• **Exercise**
Would you please copy the entries exactly, leaving every picture aside?

• **Supplied records**
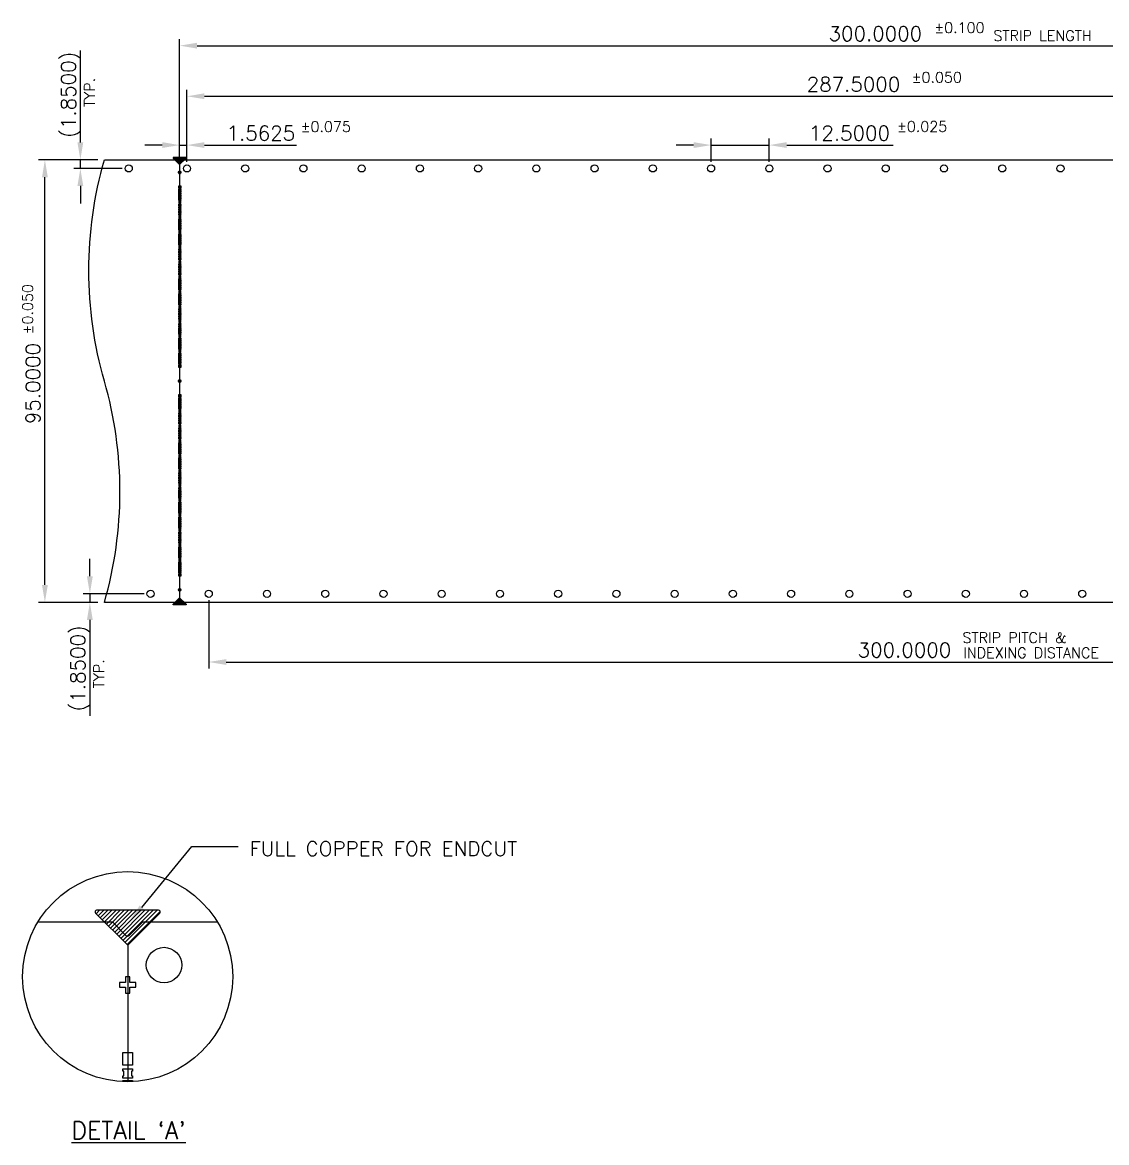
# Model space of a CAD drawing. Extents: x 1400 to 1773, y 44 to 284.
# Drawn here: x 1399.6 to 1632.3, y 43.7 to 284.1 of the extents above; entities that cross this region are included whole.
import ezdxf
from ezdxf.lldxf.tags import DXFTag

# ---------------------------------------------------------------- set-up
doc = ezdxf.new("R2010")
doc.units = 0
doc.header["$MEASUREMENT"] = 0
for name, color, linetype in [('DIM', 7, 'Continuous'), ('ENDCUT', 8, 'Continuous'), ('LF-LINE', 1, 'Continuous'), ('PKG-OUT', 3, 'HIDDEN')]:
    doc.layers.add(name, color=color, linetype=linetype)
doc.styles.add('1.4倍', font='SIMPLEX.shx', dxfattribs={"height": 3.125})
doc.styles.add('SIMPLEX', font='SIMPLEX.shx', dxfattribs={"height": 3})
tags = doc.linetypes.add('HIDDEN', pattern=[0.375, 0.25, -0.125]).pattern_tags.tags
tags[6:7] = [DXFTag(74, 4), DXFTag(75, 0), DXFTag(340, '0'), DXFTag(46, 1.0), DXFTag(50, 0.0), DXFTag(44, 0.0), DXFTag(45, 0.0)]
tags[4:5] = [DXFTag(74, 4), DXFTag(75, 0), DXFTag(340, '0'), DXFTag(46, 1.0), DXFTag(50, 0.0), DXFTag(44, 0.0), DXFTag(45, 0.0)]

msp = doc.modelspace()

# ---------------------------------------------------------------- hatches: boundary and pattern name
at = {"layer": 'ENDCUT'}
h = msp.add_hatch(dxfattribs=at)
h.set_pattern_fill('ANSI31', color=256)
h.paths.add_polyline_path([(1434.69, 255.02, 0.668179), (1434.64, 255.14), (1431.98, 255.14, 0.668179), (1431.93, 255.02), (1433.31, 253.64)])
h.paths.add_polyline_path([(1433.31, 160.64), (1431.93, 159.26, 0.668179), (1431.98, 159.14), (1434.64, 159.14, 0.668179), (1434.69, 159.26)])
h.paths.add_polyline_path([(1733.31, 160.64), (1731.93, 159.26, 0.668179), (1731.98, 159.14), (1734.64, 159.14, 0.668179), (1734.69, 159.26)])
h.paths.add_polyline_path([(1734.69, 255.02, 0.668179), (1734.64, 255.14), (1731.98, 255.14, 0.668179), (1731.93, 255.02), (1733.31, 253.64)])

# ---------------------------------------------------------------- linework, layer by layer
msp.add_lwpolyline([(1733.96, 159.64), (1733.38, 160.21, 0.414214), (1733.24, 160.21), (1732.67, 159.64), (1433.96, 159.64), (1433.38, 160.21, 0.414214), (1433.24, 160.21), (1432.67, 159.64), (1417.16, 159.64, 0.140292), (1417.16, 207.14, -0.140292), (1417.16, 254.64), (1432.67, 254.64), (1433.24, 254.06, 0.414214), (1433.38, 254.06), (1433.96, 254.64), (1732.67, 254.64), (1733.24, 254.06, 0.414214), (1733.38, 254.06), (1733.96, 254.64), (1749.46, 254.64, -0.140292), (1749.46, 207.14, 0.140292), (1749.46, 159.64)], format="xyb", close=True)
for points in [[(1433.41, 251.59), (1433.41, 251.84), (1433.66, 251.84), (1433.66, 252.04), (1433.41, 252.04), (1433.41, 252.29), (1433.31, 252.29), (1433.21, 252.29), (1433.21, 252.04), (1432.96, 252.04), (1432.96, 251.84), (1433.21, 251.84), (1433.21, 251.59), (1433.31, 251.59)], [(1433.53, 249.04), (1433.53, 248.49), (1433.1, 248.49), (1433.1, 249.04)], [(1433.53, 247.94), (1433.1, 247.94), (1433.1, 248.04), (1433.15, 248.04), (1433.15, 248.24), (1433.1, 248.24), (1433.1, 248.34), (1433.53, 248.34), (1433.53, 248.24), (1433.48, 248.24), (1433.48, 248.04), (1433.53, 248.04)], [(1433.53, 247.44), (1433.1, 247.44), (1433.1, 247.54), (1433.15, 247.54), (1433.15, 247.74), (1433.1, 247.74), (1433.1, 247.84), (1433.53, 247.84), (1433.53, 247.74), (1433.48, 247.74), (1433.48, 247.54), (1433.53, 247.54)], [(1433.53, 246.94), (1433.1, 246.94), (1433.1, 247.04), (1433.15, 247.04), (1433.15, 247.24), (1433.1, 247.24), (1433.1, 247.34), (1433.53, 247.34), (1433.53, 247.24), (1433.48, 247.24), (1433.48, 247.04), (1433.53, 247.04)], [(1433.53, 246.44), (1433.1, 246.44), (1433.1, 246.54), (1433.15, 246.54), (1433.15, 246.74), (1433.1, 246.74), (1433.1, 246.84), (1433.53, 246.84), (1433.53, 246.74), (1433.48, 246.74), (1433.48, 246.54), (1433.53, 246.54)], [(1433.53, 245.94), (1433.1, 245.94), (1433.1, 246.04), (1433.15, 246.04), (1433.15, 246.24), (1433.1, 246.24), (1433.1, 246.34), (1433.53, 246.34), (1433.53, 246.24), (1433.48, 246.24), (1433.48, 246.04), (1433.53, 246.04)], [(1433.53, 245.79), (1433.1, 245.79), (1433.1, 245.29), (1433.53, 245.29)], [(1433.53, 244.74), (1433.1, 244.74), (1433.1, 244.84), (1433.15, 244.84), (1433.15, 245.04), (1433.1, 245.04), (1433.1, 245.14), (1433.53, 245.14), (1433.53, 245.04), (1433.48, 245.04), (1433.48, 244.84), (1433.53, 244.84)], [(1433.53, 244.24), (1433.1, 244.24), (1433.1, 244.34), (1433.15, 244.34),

• **Response below**
# Model space of a CAD drawing. Extents: x 1400 to 1773, y 44 to 284.
# Drawn here: x 1399.6 to 1632.3, y 43.7 to 284.1 of the extents above; entities that cross this region are included whole.
import ezdxf
from ezdxf.lldxf.tags import DXFTag

# ---------------------------------------------------------------- set-up
doc = ezdxf.new("R2010")
doc.units = 0
doc.header["$MEASUREMENT"] = 0
for name, color, linetype in [('DIM', 7, 'Continuous'), ('ENDCUT', 8, 'Continuous'), ('LF-LINE', 1, 'Continuous'), ('PKG-OUT', 3, 'HIDDEN')]:
    doc.layers.add(name, color=color, linetype=linetype)
doc.styles.add('1.4倍', font='SIMPLEX.shx', dxfattribs={"height": 3.125})
doc.styles.add('SIMPLEX', font='SIMPLEX.shx', dxfattribs={"height": 3})
tags = doc.linetypes.add('HIDDEN', pattern=[0.375, 0.25, -0.125]).pattern_tags.tags
tags[6:7] = [DXFTag(74, 4), DXFTag(75, 0), DXFTag(340, '0'), DXFTag(46, 1.0), DXFTag(50, 0.0), DXFTag(44, 0.0), DXFTag(45, 0.0)]
tags[4:5] = [DXFTag(74, 4), DXFTag(75, 0), DXFTag(340, '0'), DXFTag(46, 1.0), DXFTag(50, 0.0), DXFTag(44, 0.0), DXFTag(45, 0.0)]

msp = doc.modelspace()

# ---------------------------------------------------------------- hatches: boundary and pattern name
at = {"layer": 'ENDCUT'}
h = msp.add_hatch(dxfattribs=at)
h.set_pattern_fill('ANSI31', color=256)
h.paths.add_polyline_path([(1434.69, 255.02, 0.668179), (1434.64, 255.14), (1431.98, 255.14, 0.668179), (1431.93, 255.02), (1433.31, 253.64)])
h.paths.add_polyline_path([(1433.31, 160.64), (1431.93, 159.26, 0.668179), (1431.98, 159.14), (1434.64, 159.14, 0.668179), (1434.69, 159.26)])
h.paths.add_polyline_path([(1733.31, 160.64), (1731.93, 159.26, 0.668179), (1731.98, 159.14), (1734.64, 159.14, 0.668179), (1734.69, 159.26)])
h.paths.add_polyline_path([(1734.69, 255.02, 0.668179), (1734.64, 255.14), (1731.98, 255.14, 0.668179), (1731.93, 255.02), (1733.31, 253.64)])

# ---------------------------------------------------------------- linework, layer by layer
msp.add_lwpolyline([(1733.96, 159.64), (1733.38, 160.21, 0.414214), (1733.24, 160.21), (1732.67, 159.64), (1433.96, 159.64), (1433.38, 160.21, 0.414214), (1433.24, 160.21), (1432.67, 159.64), (1417.16, 159.64, 0.140292), (1417.16, 207.14, -0.140292), (1417.16, 254.64), (1432.67, 254.64), (1433.24, 254.06, 0.414214), (1433.38, 254.06), (1433.96, 254.64), (1732.67, 254.64), (1733.24, 254.06, 0.414214), (1733.38, 254.06), (1733.96, 254.64), (1749.46, 254.64, -0.140292), (1749.46, 207.14, 0.140292), (1749.46, 159.64)], format="xyb", close=True)
for points in [[(1433.41, 251.59), (1433.41, 251.84), (1433.66, 251.84), (1433.66, 252.04), (1433.41, 252.04), (1433.41, 252.29), (1433.31, 252.29), (1433.21, 252.29), (1433.21, 252.04), (1432.96, 252.04), (1432.96, 251.84), (1433.21, 251.84), (1433.21, 251.59), (1433.31, 251.59)], [(1433.53, 249.04), (1433.53, 248.49), (1433.1, 248.49), (1433.1, 249.04)], [(1433.53, 247.94), (1433.1, 247.94), (1433.1, 248.04), (1433.15, 248.04), (1433.15, 248.24), (1433.1, 248.24), (1433.1, 248.34), (1433.53, 248.34), (1433.53, 248.24), (1433.48, 248.24), (1433.48, 248.04), (1433.53, 248.04)], [(1433.53, 247.44), (1433.1, 247.44), (1433.1, 247.54), (1433.15, 247.54), (1433.15, 247.74), (1433.1, 247.74), (1433.1, 247.84), (1433.53, 247.84), (1433.53, 247.74), (1433.48, 247.74), (1433.48, 247.54), (1433.53, 247.54)], [(1433.53, 246.94), (1433.1, 246.94), (1433.1, 247.04), (1433.15, 247.04), (1433.15, 247.24), (1433.1, 247.24), (1433.1, 247.34), (1433.53, 247.34), (1433.53, 247.24), (1433.48, 247.24), (1433.48, 247.04), (1433.53, 247.04)], [(1433.53, 246.44), (1433.1, 246.44), (1433.1, 246.54), (1433.15, 246.54), (1433.15, 246.74), (1433.1, 246.74), (1433.1, 246.84), (1433.53, 246.84), (1433.53, 246.74), (1433.48, 246.74), (1433.48, 246.54), (1433.53, 246.54)], [(1433.53, 245.94), (1433.1, 245.94), (1433.1, 246.04), (1433.15, 246.04), (1433.15, 246.24), (1433.1, 246.24), (1433.1, 246.34), (1433.53, 246.34), (1433.53, 246.24), (1433.48, 246.24), (1433.48, 246.04), (1433.53, 246.04)], [(1433.53, 245.79), (1433.1, 245.79), (1433.1, 245.29), (1433.53, 245.29)], [(1433.53, 244.74), (1433.1, 244.74), (1433.1, 244.84), (1433.15, 244.84), (1433.15, 245.04), (1433.1, 245.04), (1433.1, 245.14), (1433.53, 245.14), (1433.53, 245.04), (1433.48, 245.04), (1433.48, 244.84), (1433.53, 244.84)], [(1433.53, 244.24), (1433.1, 244.24), (1433.1, 244.34), (1433.15, 244.34),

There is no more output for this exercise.